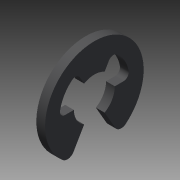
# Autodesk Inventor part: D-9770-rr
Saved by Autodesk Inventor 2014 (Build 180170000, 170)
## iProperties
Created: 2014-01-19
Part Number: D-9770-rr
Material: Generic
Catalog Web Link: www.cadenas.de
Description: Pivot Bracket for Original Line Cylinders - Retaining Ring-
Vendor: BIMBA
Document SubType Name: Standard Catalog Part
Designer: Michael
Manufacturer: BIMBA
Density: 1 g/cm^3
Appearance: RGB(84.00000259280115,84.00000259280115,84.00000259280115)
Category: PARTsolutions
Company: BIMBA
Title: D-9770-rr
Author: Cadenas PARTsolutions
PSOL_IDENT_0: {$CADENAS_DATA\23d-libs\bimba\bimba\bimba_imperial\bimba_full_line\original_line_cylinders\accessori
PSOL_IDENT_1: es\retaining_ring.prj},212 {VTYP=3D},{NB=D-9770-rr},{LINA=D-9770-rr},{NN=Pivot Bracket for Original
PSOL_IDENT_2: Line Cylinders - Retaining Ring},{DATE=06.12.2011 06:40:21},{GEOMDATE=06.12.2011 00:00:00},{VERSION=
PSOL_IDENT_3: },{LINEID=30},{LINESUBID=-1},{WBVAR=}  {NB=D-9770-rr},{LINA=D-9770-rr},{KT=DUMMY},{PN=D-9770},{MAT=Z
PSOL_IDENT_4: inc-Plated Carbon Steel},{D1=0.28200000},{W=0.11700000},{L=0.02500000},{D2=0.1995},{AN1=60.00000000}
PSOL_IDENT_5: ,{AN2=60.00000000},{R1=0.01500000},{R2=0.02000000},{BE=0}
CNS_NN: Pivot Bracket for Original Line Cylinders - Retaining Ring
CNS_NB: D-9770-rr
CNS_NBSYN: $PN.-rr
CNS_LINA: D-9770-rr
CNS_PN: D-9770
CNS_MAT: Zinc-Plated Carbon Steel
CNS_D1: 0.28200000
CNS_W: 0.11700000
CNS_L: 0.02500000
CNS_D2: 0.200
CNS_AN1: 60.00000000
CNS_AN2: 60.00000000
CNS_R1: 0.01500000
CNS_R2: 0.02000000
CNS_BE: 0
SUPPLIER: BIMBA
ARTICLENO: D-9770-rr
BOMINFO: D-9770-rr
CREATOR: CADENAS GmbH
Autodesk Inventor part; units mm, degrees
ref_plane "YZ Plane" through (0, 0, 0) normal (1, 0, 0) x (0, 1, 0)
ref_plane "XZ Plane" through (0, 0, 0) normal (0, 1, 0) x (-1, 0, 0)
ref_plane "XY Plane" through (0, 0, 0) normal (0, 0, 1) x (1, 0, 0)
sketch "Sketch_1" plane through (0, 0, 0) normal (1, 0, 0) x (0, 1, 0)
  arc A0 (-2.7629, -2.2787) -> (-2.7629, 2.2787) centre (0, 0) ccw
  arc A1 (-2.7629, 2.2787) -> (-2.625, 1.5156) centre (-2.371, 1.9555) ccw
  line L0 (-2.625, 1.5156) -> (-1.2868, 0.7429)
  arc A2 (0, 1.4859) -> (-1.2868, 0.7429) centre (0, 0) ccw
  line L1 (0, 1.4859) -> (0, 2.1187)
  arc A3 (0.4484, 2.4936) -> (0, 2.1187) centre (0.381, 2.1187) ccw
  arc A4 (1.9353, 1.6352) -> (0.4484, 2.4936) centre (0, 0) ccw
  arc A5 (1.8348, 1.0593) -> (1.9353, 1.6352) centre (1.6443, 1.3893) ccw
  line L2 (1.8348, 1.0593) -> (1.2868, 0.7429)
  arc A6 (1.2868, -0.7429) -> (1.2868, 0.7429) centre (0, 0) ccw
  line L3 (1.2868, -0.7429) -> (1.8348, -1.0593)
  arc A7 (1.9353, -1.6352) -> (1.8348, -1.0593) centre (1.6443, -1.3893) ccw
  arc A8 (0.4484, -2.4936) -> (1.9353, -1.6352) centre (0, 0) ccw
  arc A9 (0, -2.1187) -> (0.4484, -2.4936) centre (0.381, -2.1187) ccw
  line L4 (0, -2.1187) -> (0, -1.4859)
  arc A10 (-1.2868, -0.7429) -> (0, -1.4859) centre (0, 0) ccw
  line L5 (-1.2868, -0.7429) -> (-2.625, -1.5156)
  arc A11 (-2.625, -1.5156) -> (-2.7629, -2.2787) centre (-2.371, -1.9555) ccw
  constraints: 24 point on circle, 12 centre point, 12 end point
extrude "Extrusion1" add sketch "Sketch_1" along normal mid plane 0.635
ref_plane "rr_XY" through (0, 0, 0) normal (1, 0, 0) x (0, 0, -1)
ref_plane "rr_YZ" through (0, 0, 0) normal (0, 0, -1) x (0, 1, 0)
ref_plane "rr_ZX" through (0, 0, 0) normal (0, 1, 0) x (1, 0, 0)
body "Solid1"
========================================
* _Work instruction_:
Going through the listing, tally each line that contains "Inventor", then state the total with no other text.

* _Solution for this problem_:
3